Di sisi lain, penurunan harga minyak juga terjadi bersamaan dengan dorongan Trump untuk menekan harga bahan bakar. Isu energi menjadi sangat sensitif dalam konteks politik domestik Amerika Serikat, terlebih menjelang masa pemilihan. Kunjungan Putra Mahkota Saudi Mohammed bin Salman ke Gedung Putih, serta pengesahan pembelian jet tempur F-35 dan chip kecerdasan buatan oleh kerajaan, turut menjadi sorotan dalam dinamika hubungan energi kedua negara.

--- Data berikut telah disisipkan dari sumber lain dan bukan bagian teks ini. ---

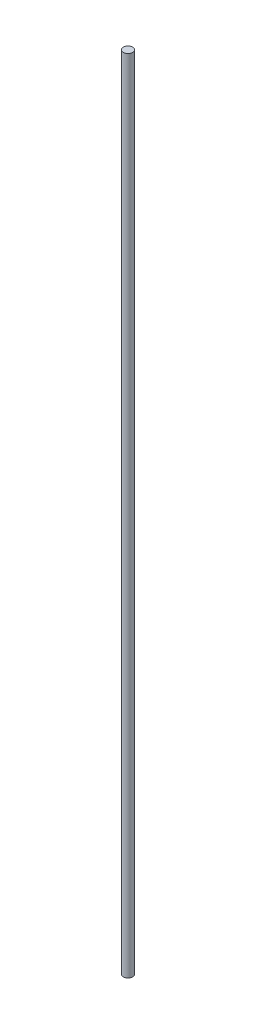
ISO-10303-21;
HEADER;
FILE_DESCRIPTION(('STEP AP214'),'2;1');
FILE_NAME('part.step','',(''),(''),'','','');
FILE_SCHEMA(('AUTOMOTIVE_DESIGN { 1 0 10303 214 1 1 1 1 }'));
ENDSEC;
DATA;
#1=APPLICATION_CONTEXT('core data for automotive mechanical design processes');
#2=APPLICATION_PROTOCOL_DEFINITION('international standard','automotive_design',2000,#1);
#3=PRODUCT_CONTEXT('',#1,'mechanical');
#4=PRODUCT('Part','Part','',(#3));
#5=PRODUCT_RELATED_PRODUCT_CATEGORY('part','',(#4));
#6=PRODUCT_DEFINITION_FORMATION('','',#4);
#7=PRODUCT_DEFINITION_CONTEXT('part definition',#1,'design');
#8=PRODUCT_DEFINITION('design','',#6,#7);
#9=PRODUCT_DEFINITION_SHAPE('','',#8);
#10=(LENGTH_UNIT() NAMED_UNIT(*) SI_UNIT(.MILLI.,.METRE.));
#11=(NAMED_UNIT(*) PLANE_ANGLE_UNIT() SI_UNIT($,.RADIAN.));
#12=(NAMED_UNIT(*) SI_UNIT($,.STERADIAN.) SOLID_ANGLE_UNIT());
#13=UNCERTAINTY_MEASURE_WITH_UNIT(LENGTH_MEASURE(1.E-05),#10,'distance_accuracy_value','');
#14=(GEOMETRIC_REPRESENTATION_CONTEXT(3) GLOBAL_UNCERTAINTY_ASSIGNED_CONTEXT((#13)) GLOBAL_UNIT_ASSIGNED_CONTEXT((#10,
#11,#12)) REPRESENTATION_CONTEXT('',''));
#15=CARTESIAN_POINT('',(0.,0.,0.));
#16=DIRECTION('',(0.,0.,1.));
#17=DIRECTION('',(1.,0.,0.));
#18=AXIS2_PLACEMENT_3D('',#15,#16,#17);
#19=CARTESIAN_POINT('',(0.,346.,0.));
#20=DIRECTION('',(0.,-1.,0.));
#21=DIRECTION('',(0.,0.,-1.));
#22=AXIS2_PLACEMENT_3D('',#19,#20,#21);
#23=PLANE('',#22);
#24=CARTESIAN_POINT('',(0.,346.,0.));
#25=DIRECTION('',(0.,-1.,0.));
#26=DIRECTION('',(1.,0.,0.));
#27=AXIS2_PLACEMENT_3D('',#24,#25,#26);
#28=CIRCLE('',#27,2.);
#29=CARTESIAN_POINT('',(2.00000000000007,346.,0.));
#30=VERTEX_POINT('',#29);
#31=EDGE_CURVE('E11',#30,#30,#28,.T.);
#32=ORIENTED_EDGE('',*,*,#31,.F.);
#33=EDGE_LOOP('',(#32));
#34=FACE_BOUND('',#33,.T.);
#35=ADVANCED_FACE('F17',(#34),#23,.F.);
#36=CARTESIAN_POINT('',(0.,363.3,0.));
#37=DIRECTION('',(0.,-1.,0.));
#38=DIRECTION('',(-1.,0.,0.));
#39=AXIS2_PLACEMENT_3D('',#36,#37,#38);
#40=CYLINDRICAL_SURFACE('',#39,2.);
#41=CARTESIAN_POINT('',(0.,0.,0.));
#42=DIRECTION('',(0.,-1.,0.));
#43=DIRECTION('',(1.,0.,0.));
#44=AXIS2_PLACEMENT_3D('',#41,#42,#43);
#45=CIRCLE('',#44,2.);
#46=CARTESIAN_POINT('',(2.00000000000007,0.,0.));
#47=VERTEX_POINT('',#46);
#48=EDGE_CURVE('E42',#47,#47,#45,.T.);
#49=ORIENTED_EDGE('',*,*,#48,.F.);
#50=DIRECTION('',(0.,1.,0.));
#51=VECTOR('',#50,1.);
#52=CARTESIAN_POINT('',(2.00000000000007,363.3,0.));
#53=LINE('',#52,#51);
#54=EDGE_CURVE('E20',#47,#30,#53,.T.);
#55=ORIENTED_EDGE('',*,*,#54,.T.);
#56=ORIENTED_EDGE('',*,*,#31,.T.);
#57=ORIENTED_EDGE('',*,*,#54,.F.);
#58=EDGE_LOOP('',(#49,#55,#56,#57));
#59=FACE_BOUND('',#58,.T.);
#60=ADVANCED_FACE('F41',(#59),#40,.T.);
#61=CARTESIAN_POINT('',(0.,0.,0.));
#62=DIRECTION('',(0.,-1.,0.));
#63=DIRECTION('',(0.,0.,-1.));
#64=AXIS2_PLACEMENT_3D('',#61,#62,#63);
#65=PLANE('',#64);
#66=ORIENTED_EDGE('',*,*,#48,.T.);
#67=EDGE_LOOP('',(#66));
#68=FACE_BOUND('',#67,.T.);
#69=ADVANCED_FACE('F45',(#68),#65,.T.);
#70=CLOSED_SHELL('',(#35,#60,#69));
#71=MANIFOLD_SOLID_BREP('B1',#70);
#72=ADVANCED_BREP_SHAPE_REPRESENTATION('',(#18,#71),#14);
#73=SHAPE_DEFINITION_REPRESENTATION(#9,#72);
ENDSEC;
END-ISO-10303-21;

Sejarah Produksi OPEC+ dan Tekanan Fiskal Arab Saudi
Delapan negara kunci OPEC+ sempat mengejutkan pasar ketika mereka mempercepat pemulihan produksi pada April lalu. Langkah tersebut dilihat sebagai strategi Riyadh untuk merebut kembali pangsa pasar dari produsen serpih AS, sekaligus memberi tekanan pada anggota yang tidak mematuhi kuota produksi.
Namun, melemahnya harga minyak setelah langkah tersebut justru menimbulkan tekanan fiskal pada Arab Saudi. Defisit anggaran negara itu melebar, dan sejumlah proyek strategis pun harus mengalami penyesuaian. Situasi ini menunjukkan bahwa kebijakan pemulihan produksi yang terlalu cepat dapat berisiko kontraproduktif terhadap kestabilan fiskal.
Hingga saat ini, OPEC+ telah memulihkan sekitar 70 persen dari dua lapisan pemangkasan produksi yang diberlakukan pada 2023. Masih tersisa sekitar 1,1 juta barel per hari yang belum dikembalikan ke pasar. Sementara itu, satu lapisan pemangkasan lainnya—yakni sekitar 2 juta barel per hari untuk 22 negara anggota—akan tetap diberlakukan hingga akhir 2026.
Kenaikan produksi bulanan kerap kali lebih kecil dari rencana karena sejumlah negara harus mengoreksi kelebihan produksi sebelumnya. Sebagian negara lain mengalami kendala teknis yang membuat peningkatan output sulit dicapai. Inilah yang membuat peninjauan kapasitas jangka panjang menjadi sangat penting dalam menjaga disiplin produksi.
Mengapa Peninjauan Kapasitas Produksi Sangat Penting?
Penetapan kapasitas yang lebih akurat akan membantu memastikan bahwa kuota produksi sesuai dengan kemampuan riil negara anggota. Hal ini diperlukan untuk mencegah ketidakseimbangan pasokan, serta memastikan pengendalian produksi dapat dilakukan secara lebih efektif.
Dengan pasar yang tengah mengalami tekanan harga dan kelebihan pasokan, langkah OPEC+ untuk berhati-hati dianggap wajar. Organisasi ini berupaya menyeimbangkan antara kebutuhan mempertahankan pendapatan bagi negara produsen, menjaga stabilitas harga global, serta mengatur dinamika pasar yang dapat berubah cepat akibat kondisi geopolitik.